# Speed Reading Courses



## ChristopherPaul (Jan 27, 2006)

Has anyone ever taken any speed reading courses?

How effective are they?

My grandfather gave me two self study courses from an "As Seen on TV" source. One was _Mega Memory_ and the other _Mega Speed Reading_. I am a bit of a skeptic I suppose, should I spend the time these programs require? Do they help?

All I can think of is the infomercial where the people are flipping pages every second and claiming to comprehend everything they read. I think there is a difference between reading as fast as one can and actually comprehending what is being read. So along with speed reading, one would need a speed comprehension course too no?

Thoughts?

Recommendations?


----------



## crhoades (Jan 27, 2006)

Check out http://www.acereader.com/acereader.html
They have free trial software. The principles that the software reinforces makes sense. Trains your eye to scan pages properly.


----------



## ChristopherPaul (Jan 27, 2006)

> _Originally posted by crhoades_
> Check out http://www.acereader.com/acereader.html
> They have free trial software.
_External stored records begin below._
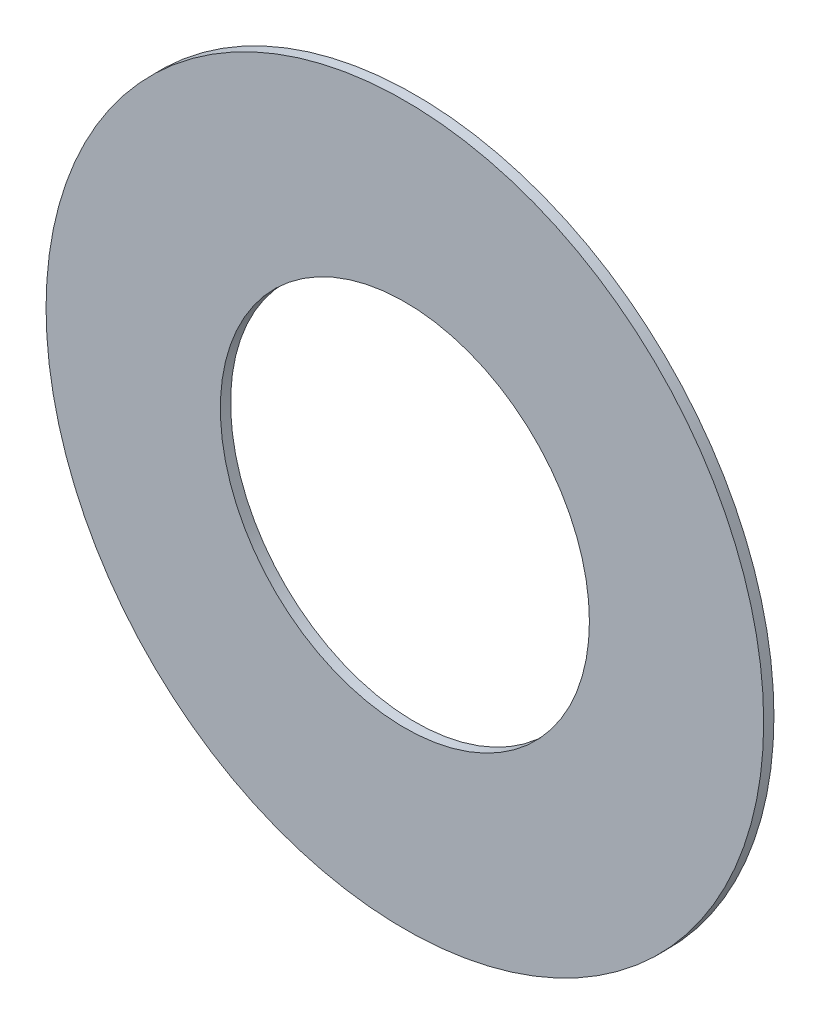
from build123d import *

# Parameters (mm, degrees)
SKETCH1_R           = 70
SKETCH1_R_2         = 36
BOSS_EXTRUDE1_DEPTH = 2
CUT_EXTRUDE1_DEPTH  = 1
CIRPATTERN1_COUNT   = 18


with BuildPart() as part:
    # Sketch1 → Boss-Extrude1 (new body)
    with BuildSketch(Plane.XY):
        Circle(SKETCH1_R)
        Circle(SKETCH1_R_2, mode=Mode.SUBTRACT)
    extrude(amount=BOSS_EXTRUDE1_DEPTH)

    # Sketch2 → Cut-Extrude1 (cut)
    with BuildSketch(Plane.XY):
        with BuildLine():
            Line((-41, 40.5), (3, 40.5))
            ThreePointArc((3, 40.5), (3.5, 40), (3, 39.5))
            Line((3, 39.5), (-41, 39.5))
            ThreePointArc((-41, 39.5), (-41.5, 40), (-41, 40.5))
        make_face()
    cut_extrude1 = extrude(amount=CUT_EXTRUDE1_DEPTH, mode=Mode.SUBTRACT)

    # CirPattern1: Cut-Extrude1 ×18 about axis
    cirpattern1_axis = Axis((0, 0, 0), (0, 0, 1))
    for i in range(1, CIRPATTERN1_COUNT):
        add(cut_extrude1.rotate(cirpattern1_axis, i * 360 / CIRPATTERN1_COUNT), mode=Mode.SUBTRACT)


solid = part.part

The principles that the software reinforces makes sense. Trains your eye to scan pages properly.



Thanks.

Have you used this program? Did it work?


----------



## crhoades (Jan 27, 2006)

> _Originally posted by ChristopherPaul_
> 
> 
> > _Originally posted by crhoades_
> ...



I played with it for a few days and I could tell that it would help. The reason I didn't keep up with it is a general lack of stick-to-it-ness and A.D.D. that i cave in to.


----------



## satz (Jan 27, 2006)

I have had some speed reading training i found it helpful. The principles being taught seem genuine and i don't think it is a fraud or anything of the kind.

Still, it is hard to keep using the techniques as we are just so used to our normal way of reading. Like Chris i found myself not really using what i learnt.

I found one problem i faced was; if what you are going to read is important, say it is part of the job, i have problems 'trusting' the technique and believeing that will not miss any important details. On the other hand, if what you are reading is for recreation, you probably want to savour the words and not apply those kinds of techniques. So in the end you end up just using your skills on things like the newspapers etc.


----------